■ Work task
Copy every line of the records exactly, without including the images.

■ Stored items
******
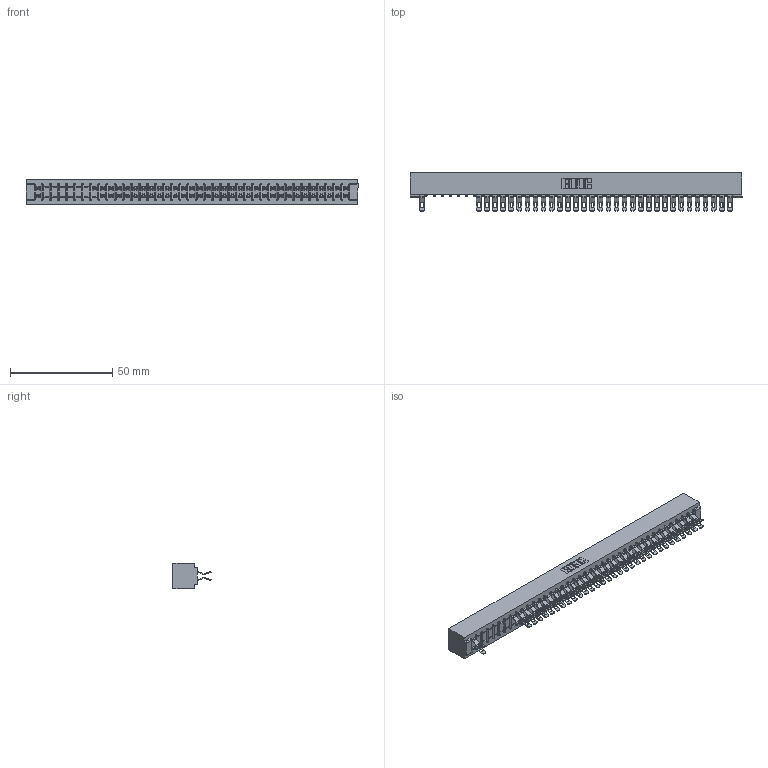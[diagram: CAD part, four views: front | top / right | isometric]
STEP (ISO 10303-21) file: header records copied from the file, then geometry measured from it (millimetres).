
FILE_DESCRIPTION (( 'STEP AP203' ), '1' );
FILE_NAME ('307-078-555-201.STEP', '2018-08-06T17:50:18', ( '' ), ( '' ), 'SwSTEP 2.0', 'SolidWorks 2016', '' );
FILE_SCHEMA (( 'CONFIG_CONTROL_DESIGN' ));
Length unit declared in the file: inch
Products named in the file (3): 307-290-001_555; 307-078-555-201; 307 Part_No Mounting Lugs
Assembly tree (66 placements, depth 2):
  307-078-555-201
    307 Part_No Mounting Lugs
    307-290-001_555  x65
Bounding box: 162.41 x 18.75 x 12.7 mm (x, y, z)
Volume: 17821.8 mm3; surface area: 22029.9 mm2
Topology: 66 solids, 66 shells, 4245 faces, 12480 edges, 8124 vertices
Faces by surface type: plane 2354, cylinder 1811, sphere 80
Entity records: 34895 total; most frequent: CARTESIAN_POINT 5766, ORIENTED_EDGE 5728, DIRECTION 5642, EDGE_CURVE 2864, LINE 2186, VECTOR 2186, VERTEX_POINT 1852, AXIS2_PLACEMENT_3D 1728
******
■ Answer to this exercise
[diagram: CAD part, four views: front | top / right | isometric]
STEP (ISO 10303-21) file: header records copied from the file, then geometry measured from it (millimetres).
FILE_DESCRIPTION (( 'STEP AP203' ), '1' );
FILE_NAME ('307-078-555-201.STEP', '2018-08-06T17:50:18', ( '' ), ( '' ), 'SwSTEP 2.0', 'SolidWorks 2016', '' );
FILE_SCHEMA (( 'CONFIG_CONTROL_DESIGN' ));
Length unit declared in the file: inch
Products named in the file (3): 307-290-001_555; 307-078-555-201; 307 Part_No Mounting Lugs
Assembly tree (66 placements, depth 2):
  307-078-555-201
    307 Part_No Mounting Lugs
    307-290-001_555  x65
Bounding box: 162.41 x 18.75 x 12.7 mm (x, y, z)
Volume: 17821.8 mm3; surface area: 22029.9 mm2
Topology: 66 solids, 66 shells, 4245 faces, 12480 edges, 8124 vertices
Faces by surface type: plane 2354, cylinder 1811, sphere 80
Entity records: 34895 total; most frequent: CARTESIAN_POINT 5766, ORIENTED_EDGE 5728, DIRECTION 5642, EDGE_CURVE 2864, LINE 2186, VECTOR 2186, VERTEX_POINT 1852, AXIS2_PLACEMENT_3D 1728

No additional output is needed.